As someone who’s been exclusive to the Xbox 360 during the current console cycle, I am a little removed from all this mess. Nonetheless, I can’t even go to my kitchen for a snack lately without hearing of a new development in this debacle. So here’s my two cents’ worth:

I’m hearing a lot about whether consumers can forgive Sony enough to give them a second chance or not, and that Sony will have to “promise real hard” next time to be better. What about the legal ramifications of this, if and when any hacked data is used for evil instead of good; is Sony immune to legal responsibilities when their systems cause our information to be disseminated?

The comparison of Sony to a bank being robbed has been made on numerous occasions, so I’ll use that to make my case. If my money is taken in a bank heist, I will certainly have a decidedly more outraged demeanor than “Okay Bank, don’t be that way again”. I would expect to be compensated for any losses incurred, for which banks carry ample insurance. Apart from doing some ass-kissing, is Sony ready to compensate legions of gamers?

Finally, the bittersweet irony isn’t lost on me: Mere weeks and months ago, Sony was pounding its collective chest by going after Geohotz for breaking their legally binding end-user agreement.

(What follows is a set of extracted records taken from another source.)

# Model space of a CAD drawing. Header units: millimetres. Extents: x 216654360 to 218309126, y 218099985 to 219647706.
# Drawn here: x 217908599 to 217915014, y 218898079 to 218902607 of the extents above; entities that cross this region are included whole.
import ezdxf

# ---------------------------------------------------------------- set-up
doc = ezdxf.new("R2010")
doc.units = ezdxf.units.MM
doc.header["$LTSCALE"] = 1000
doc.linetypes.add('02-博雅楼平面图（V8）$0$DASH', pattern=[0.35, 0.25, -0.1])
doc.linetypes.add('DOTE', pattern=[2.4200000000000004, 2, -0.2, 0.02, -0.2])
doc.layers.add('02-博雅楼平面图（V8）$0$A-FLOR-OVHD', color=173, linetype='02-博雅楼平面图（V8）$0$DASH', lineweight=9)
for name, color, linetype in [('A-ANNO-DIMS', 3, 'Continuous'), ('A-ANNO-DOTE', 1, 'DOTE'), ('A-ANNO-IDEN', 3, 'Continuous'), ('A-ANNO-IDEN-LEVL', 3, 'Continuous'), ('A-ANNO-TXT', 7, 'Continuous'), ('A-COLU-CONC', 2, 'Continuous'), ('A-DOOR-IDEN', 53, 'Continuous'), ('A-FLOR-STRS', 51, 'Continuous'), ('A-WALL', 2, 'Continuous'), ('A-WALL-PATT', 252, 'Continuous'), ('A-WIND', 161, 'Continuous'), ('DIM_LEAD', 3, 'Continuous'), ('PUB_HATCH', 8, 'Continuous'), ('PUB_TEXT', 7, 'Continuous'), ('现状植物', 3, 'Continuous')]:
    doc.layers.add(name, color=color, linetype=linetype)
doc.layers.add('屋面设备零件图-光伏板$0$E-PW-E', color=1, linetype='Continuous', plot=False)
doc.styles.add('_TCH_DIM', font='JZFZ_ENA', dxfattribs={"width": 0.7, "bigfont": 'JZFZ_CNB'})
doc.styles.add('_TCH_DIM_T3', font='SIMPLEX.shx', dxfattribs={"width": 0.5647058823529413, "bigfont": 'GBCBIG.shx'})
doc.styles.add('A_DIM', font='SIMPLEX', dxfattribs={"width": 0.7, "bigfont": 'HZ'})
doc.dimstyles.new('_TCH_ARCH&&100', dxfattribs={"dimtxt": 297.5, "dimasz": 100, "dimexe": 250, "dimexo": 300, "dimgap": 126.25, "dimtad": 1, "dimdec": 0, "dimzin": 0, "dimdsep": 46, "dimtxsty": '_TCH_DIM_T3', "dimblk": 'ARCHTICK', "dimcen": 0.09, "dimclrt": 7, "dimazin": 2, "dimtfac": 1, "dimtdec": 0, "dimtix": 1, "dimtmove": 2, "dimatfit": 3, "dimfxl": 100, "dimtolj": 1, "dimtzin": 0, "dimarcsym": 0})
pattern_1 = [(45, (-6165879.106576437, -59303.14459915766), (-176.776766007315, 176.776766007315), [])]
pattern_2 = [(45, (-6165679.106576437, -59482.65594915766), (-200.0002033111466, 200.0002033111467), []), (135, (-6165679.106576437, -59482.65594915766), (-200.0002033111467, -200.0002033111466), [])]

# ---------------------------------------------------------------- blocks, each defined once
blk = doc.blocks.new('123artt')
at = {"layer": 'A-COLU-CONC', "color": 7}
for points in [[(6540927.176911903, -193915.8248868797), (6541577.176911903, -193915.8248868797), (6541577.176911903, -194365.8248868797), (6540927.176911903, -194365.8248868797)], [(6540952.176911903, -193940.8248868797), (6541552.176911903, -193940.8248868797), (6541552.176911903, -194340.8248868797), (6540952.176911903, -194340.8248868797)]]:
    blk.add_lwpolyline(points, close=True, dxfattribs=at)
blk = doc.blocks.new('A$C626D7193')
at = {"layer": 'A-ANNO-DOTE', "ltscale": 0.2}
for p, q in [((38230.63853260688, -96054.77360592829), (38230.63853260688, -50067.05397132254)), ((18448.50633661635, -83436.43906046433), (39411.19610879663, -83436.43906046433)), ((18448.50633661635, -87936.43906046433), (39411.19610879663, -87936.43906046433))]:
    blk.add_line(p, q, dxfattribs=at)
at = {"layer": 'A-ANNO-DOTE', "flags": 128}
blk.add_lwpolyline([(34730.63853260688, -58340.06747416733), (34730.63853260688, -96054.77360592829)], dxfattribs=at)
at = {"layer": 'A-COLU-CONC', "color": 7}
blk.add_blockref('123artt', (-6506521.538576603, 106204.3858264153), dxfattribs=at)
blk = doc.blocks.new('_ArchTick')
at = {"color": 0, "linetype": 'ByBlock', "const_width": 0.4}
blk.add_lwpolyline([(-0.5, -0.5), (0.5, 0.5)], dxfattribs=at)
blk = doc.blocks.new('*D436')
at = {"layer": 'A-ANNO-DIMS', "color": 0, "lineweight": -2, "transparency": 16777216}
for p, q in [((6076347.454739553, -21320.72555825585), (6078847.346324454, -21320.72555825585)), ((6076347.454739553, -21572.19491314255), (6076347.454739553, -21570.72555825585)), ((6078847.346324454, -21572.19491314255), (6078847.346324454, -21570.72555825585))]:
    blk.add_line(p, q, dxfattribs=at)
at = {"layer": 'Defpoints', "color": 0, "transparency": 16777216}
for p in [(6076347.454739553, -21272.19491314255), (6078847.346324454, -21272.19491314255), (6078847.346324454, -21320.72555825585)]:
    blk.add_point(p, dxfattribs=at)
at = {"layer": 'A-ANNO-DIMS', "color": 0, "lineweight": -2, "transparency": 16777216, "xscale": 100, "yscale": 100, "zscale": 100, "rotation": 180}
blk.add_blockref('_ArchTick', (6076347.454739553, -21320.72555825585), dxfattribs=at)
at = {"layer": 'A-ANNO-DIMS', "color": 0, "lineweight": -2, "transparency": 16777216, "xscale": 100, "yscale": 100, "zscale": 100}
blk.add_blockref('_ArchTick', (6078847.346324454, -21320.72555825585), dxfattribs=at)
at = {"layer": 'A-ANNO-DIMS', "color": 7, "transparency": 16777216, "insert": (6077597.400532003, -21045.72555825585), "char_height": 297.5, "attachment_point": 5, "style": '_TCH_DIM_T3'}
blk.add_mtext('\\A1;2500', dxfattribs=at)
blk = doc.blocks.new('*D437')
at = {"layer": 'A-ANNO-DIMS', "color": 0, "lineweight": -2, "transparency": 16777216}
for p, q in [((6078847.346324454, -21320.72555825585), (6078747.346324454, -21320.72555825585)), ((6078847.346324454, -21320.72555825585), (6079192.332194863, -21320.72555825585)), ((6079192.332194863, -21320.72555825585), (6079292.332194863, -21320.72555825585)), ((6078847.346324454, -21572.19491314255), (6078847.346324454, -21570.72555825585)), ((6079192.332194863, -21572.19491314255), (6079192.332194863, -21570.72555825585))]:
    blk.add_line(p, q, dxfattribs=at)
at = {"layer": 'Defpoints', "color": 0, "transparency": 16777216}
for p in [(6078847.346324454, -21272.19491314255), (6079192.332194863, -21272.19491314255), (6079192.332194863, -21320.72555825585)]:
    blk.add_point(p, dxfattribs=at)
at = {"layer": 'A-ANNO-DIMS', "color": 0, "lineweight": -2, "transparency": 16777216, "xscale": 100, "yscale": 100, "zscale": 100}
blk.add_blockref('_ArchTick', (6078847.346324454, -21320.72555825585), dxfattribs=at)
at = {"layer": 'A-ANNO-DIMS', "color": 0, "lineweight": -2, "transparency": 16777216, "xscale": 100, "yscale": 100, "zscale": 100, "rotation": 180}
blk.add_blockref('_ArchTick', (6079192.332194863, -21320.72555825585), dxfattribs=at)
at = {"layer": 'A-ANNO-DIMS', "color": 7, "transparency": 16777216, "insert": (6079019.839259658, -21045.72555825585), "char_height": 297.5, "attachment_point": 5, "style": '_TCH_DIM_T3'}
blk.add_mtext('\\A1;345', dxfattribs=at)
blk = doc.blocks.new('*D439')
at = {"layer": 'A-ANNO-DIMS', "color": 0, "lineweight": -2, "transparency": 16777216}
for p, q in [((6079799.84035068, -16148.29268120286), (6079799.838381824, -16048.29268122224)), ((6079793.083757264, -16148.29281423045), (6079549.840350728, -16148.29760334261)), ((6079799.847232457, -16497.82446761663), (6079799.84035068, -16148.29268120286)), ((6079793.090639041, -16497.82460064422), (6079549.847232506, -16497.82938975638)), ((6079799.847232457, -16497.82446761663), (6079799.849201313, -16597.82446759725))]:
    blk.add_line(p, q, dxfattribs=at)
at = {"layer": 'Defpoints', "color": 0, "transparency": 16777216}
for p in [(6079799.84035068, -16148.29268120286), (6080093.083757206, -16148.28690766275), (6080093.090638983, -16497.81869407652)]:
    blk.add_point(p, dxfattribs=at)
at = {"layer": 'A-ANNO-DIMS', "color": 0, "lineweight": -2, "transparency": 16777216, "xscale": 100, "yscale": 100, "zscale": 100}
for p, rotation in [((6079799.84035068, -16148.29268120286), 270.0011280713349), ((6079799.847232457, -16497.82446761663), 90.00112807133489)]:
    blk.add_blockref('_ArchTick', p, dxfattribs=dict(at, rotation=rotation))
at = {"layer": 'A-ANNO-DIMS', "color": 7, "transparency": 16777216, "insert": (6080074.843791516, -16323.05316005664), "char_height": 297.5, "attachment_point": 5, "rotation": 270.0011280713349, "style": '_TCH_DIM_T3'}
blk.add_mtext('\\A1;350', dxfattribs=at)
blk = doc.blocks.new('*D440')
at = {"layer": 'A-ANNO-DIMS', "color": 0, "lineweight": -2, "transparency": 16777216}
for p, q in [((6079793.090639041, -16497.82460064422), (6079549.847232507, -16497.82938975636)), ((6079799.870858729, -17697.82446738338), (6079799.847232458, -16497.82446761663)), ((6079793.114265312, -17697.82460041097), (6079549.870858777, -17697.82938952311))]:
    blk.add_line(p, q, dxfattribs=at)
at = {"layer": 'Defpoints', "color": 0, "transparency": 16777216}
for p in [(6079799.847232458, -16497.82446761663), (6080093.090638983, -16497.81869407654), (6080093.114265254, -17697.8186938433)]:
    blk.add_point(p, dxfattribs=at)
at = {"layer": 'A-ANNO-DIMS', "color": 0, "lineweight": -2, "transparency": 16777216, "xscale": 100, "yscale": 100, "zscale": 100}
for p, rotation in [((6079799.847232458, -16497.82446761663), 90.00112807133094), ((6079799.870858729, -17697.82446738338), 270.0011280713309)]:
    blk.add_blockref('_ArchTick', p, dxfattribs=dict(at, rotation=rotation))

Now I feel it’s time to look at them and point out that they’ve, in fact, failed to uphold their end of whatever written or implied agreement exists between consumer and corporation. I’m certainly no sue-happy individual, nor do I condone that type of behavior, but now it’s the consumers’ turn to pound our chests for once, and not just give Sony an “I’m disappointed in you, Son” finger wag.

Chad:

I think the image (hastily altered in MS Paint) says everything I want to say.

Joe:

I think today’s Penny Arcade sums it up well.

I’m waiting to see what Sony says when this is all over. If we’ve learned anything through this, it’s that Sony is completely incapable of communicating with their customers in any kind of meaningful way. They spend so much time promoting their stuff with “Hey, the stuff the other guys are doing? Garbage. We’re way more awesome.” They have a situation on their hands where the personal information of 77 MILLION of their customers is stolen and they say “Well, shit. We did what we could on our end but they stole it anyway. You guys are gonna want to change your logins, probably. Oh, it’s also possible they got your credit card. Peace.”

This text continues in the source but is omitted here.